• **Task instructions**
Give again, word for word, each line below starting at the one that contains "#15245 = EDGE_CURVE" and ending at the one that contains "#19806 = CARTESIAN_POINT".

Input for this task: Begin

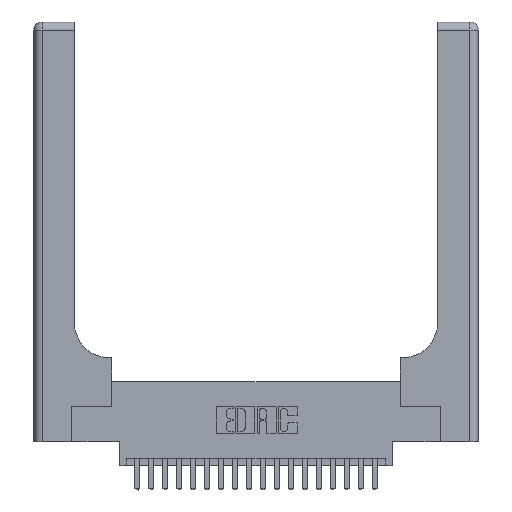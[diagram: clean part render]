
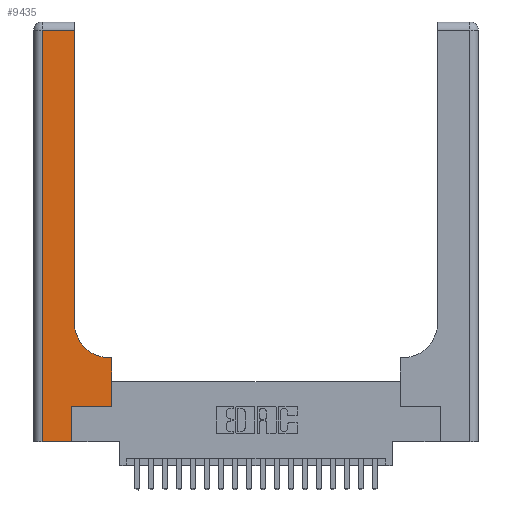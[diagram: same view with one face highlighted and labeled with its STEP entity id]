
A CAD part, top view. The second image highlights one B-rep face of the part: STEP entity #9435.
In plain terms, the highlighted planar face has unit normal (0, 0, 1).
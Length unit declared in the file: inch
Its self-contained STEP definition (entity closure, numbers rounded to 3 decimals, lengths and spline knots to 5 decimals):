
#344 = DIRECTION ( 'NONE',  ( 0., -1., 0. ) ) ;
#659 = DIRECTION ( 'NONE',  ( -1., 0., 0. ) ) ;
#875 = CIRCLE ( 'NONE', #10969, 0.25 ) ;
#2611 = VECTOR ( 'NONE', #18250, 39.37008 ) ;
#2824 = VECTOR ( 'NONE', #344, 39.37008 ) ;
#2854 = CARTESIAN_POINT ( 'NONE',  ( 0.269, 0.25, 0.37 ) ) ;
#3027 = AXIS2_PLACEMENT_3D ( 'NONE', #6019, #21795, #18393 ) ;
#3494 = CARTESIAN_POINT ( 'NONE',  ( 0.2915, 0.85, 0.37 ) ) ;
#3911 = ORIENTED_EDGE ( 'NONE', *, *, #4325, .T. ) ;
#3950 = ORIENTED_EDGE ( 'NONE', *, *, #5816, .T. ) ;
#4048 = ORIENTED_EDGE ( 'NONE', *, *, #15245, .T. ) ;
#4282 = ORIENTED_EDGE ( 'NONE', *, *, #10185, .T. ) ;
#4284 = VERTEX_POINT ( 'NONE', #2854 ) ;
#4325 = EDGE_CURVE ( 'NONE', #19711, #4284, #17911, .T. ) ;
#4461 = CARTESIAN_POINT ( 'NONE',  ( 0.269, 0., 0.37 ) ) ;
#4740 = LINE ( 'NONE', #11306, #20117 ) ;
#4741 = ORIENTED_EDGE ( 'NONE', *, *, #8002, .T. ) ;
#4988 = CARTESIAN_POINT ( 'NONE',  ( 0.269, 0., 0.37 ) ) ;
#5313 = ORIENTED_EDGE ( 'NONE', *, *, #15127, .T. ) ;
#5729 = DIRECTION ( 'NONE',  ( 0., 0., -1. ) ) ;
#5776 = CARTESIAN_POINT ( 'NONE',  ( 0.5585, 0.25, 0.37 ) ) ;
#5816 = EDGE_CURVE ( 'NONE', #21593, #22503, #7431, .T. ) ;
#6019 = CARTESIAN_POINT ( 'NONE',  ( 0., 3., 0.37 ) ) ;
#6291 = VECTOR ( 'NONE', #10349, 39.37008 ) ;
#6307 = PLANE ( 'NONE',  #3027 ) ;
#6902 = VECTOR ( 'NONE', #659, 39.37008 ) ;
#6963 = CARTESIAN_POINT ( 'NONE',  ( 0.5585, 0.25, 0.37 ) ) ;
#7076 = EDGE_CURVE ( 'NONE', #13768, #21593, #10958, .T. ) ;
#7431 = LINE ( 'NONE', #19825, #6902 ) ;
#8002 = EDGE_CURVE ( 'NONE', #17062, #9697, #12862, .T. ) ;
#8835 = CARTESIAN_POINT ( 'NONE',  ( 0.5415, 0.6, 0.37 ) ) ;
#9089 = VECTOR ( 'NONE', #14826, 39.37008 ) ;
#9294 = EDGE_CURVE ( 'NONE', #4284, #17062, #15264, .T. ) ;
#9383 = CARTESIAN_POINT ( 'NONE',  ( 0.269, 0.25, 0.37 ) ) ;
#9435 = ADVANCED_FACE ( 'NONE', ( #20494 ), #6307, .F. ) ;
#9697 = VERTEX_POINT ( 'NONE', #22573 ) ;
#10185 = EDGE_CURVE ( 'NONE', #13236, #19711, #12204, .T. ) ;
#10349 = DIRECTION ( 'NONE',  ( 0., 1., 0. ) ) ;
#10625 = CARTESIAN_POINT ( 'NONE',  ( 0.06, 0., 0.37 ) ) ;
#10919 = EDGE_CURVE ( 'NONE', #13804, #13768, #875, .T. ) ;
#10958 = LINE ( 'NONE', #15584, #6291 ) ;
#10969 = AXIS2_PLACEMENT_3D ( 'NONE', #19806, #5729, #14514 ) ;
#11306 = CARTESIAN_POINT ( 'NONE',  ( 0.2915, 0.6, 0.37 ) ) ;
#12204 = LINE ( 'NONE', #19732, #14951 ) ;
#12342 = DIRECTION ( 'NONE',  ( 1., 0., 0. ) ) ;
#12862 = LINE ( 'NONE', #5776, #20562 ) ;
#12870 = CARTESIAN_POINT ( 'NONE',  ( 0.06, 3., 0.37 ) ) ;
#13236 = VERTEX_POINT ( 'NONE', #10625 ) ;
#13768 = VERTEX_POINT ( 'NONE', #3494 ) ;
#13804 = VERTEX_POINT ( 'NONE', #8835 ) ;
#13809 = ORIENTED_EDGE ( 'NONE', *, *, #10919, .T. ) ;
#14514 = DIRECTION ( 'NONE',  ( 1., 0., 0. ) ) ;
#14826 = DIRECTION ( 'NONE',  ( 0., 1., 0. ) ) ;
#14951 = VECTOR ( 'NONE', #12342, 39.37008 ) ;
#15127 = EDGE_CURVE ( 'NONE', #22503, #13236, #16827, .T. ) ;
#15163 = ORIENTED_EDGE ( 'NONE', *, *, #9294, .T. ) ;
#15245 = EDGE_CURVE ( 'NONE', #9697, #13804, #4740, .T. ) ;
#15264 = LINE ( 'NONE', #9383, #2611 ) ;
#15584 = CARTESIAN_POINT ( 'NONE',  ( 0.2915, 3., 0.37 ) ) ;
#15806 = ORIENTED_EDGE ( 'NONE', *, *, #7076, .T. ) ;
#16543 = DIRECTION ( 'NONE',  ( -1., 0., 0. ) ) ;
#16689 = EDGE_LOOP ( 'NONE', ( #15806, #3950, #5313, #4282, #3911, #15163, #4741, #4048, #13809 ) ) ;
#16827 = LINE ( 'NONE', #12870, #2824 ) ;
#17062 = VERTEX_POINT ( 'NONE', #6963 ) ;
#17911 = LINE ( 'NONE', #4461, #9089 ) ;
#18250 = DIRECTION ( 'NONE',  ( 1., 0., 0. ) ) ;
#18393 = DIRECTION ( 'NONE',  ( -1., 0., 0. ) ) ;
#18971 = CARTESIAN_POINT ( 'NONE',  ( 0.2915, 2.94, 0.37 ) ) ;
#19711 = VERTEX_POINT ( 'NONE', #4988 ) ;
#19732 = CARTESIAN_POINT ( 'NONE',  ( 0., 0., 0.37 ) ) ;
#19806 = CARTESIAN_POINT ( 'NONE',  ( 0.5415, 0.85, 0.37 ) ) ;
#19825 = CARTESIAN_POINT ( 'NONE',  ( 0., 2.94, 0.37 ) ) ;
#20117 = VECTOR ( 'NONE', #16543, 39.37008 ) ;
#20494 = FACE_OUTER_BOUND ( 'NONE', #16689, .T. ) ;
#20562 = VECTOR ( 'NONE', #21622, 39.37008 ) ;
#20872 = CARTESIAN_POINT ( 'NONE',  ( 0.06, 2.94, 0.37 ) ) ;
#21593 = VERTEX_POINT ( 'NONE', #18971 ) ;
#21622 = DIRECTION ( 'NONE',  ( 0., 1., 0. ) ) ;
#21795 = DIRECTION ( 'NONE',  ( 0., 0., -1. ) ) ;
#22503 = VERTEX_POINT ( 'NONE', #20872 ) ;
#22573 = CARTESIAN_POINT ( 'NONE',  ( 0.5585, 0.6, 0.37 ) ) ;

Input for this task: End

• **Task result**
#15245 = EDGE_CURVE ( 'NONE', #9697, #13804, #4740, .T. ) ;
#15264 = LINE ( 'NONE', #9383, #2611 ) ;
#15584 = CARTESIAN_POINT ( 'NONE',  ( 0.2915, 3., 0.37 ) ) ;
#15806 = ORIENTED_EDGE ( 'NONE', *, *, #7076, .T. ) ;
#16543 = DIRECTION ( 'NONE',  ( -1., 0., 0. ) ) ;
#16689 = EDGE_LOOP ( 'NONE', ( #15806, #3950, #5313, #4282, #3911, #15163, #4741, #4048, #13809 ) ) ;
#16827 = LINE ( 'NONE', #12870, #2824 ) ;
#17062 = VERTEX_POINT ( 'NONE', #6963 ) ;
#17911 = LINE ( 'NONE', #4461, #9089 ) ;
#18250 = DIRECTION ( 'NONE',  ( 1., 0., 0. ) ) ;
#18393 = DIRECTION ( 'NONE',  ( -1., 0., 0. ) ) ;
#18971 = CARTESIAN_POINT ( 'NONE',  ( 0.2915, 2.94, 0.37 ) ) ;
#19711 = VERTEX_POINT ( 'NONE', #4988 ) ;
#19732 = CARTESIAN_POINT ( 'NONE',  ( 0., 0., 0.37 ) ) ;
#19806 = CARTESIAN_POINT ( 'NONE',  ( 0.5415, 0.85, 0.37 ) ) ;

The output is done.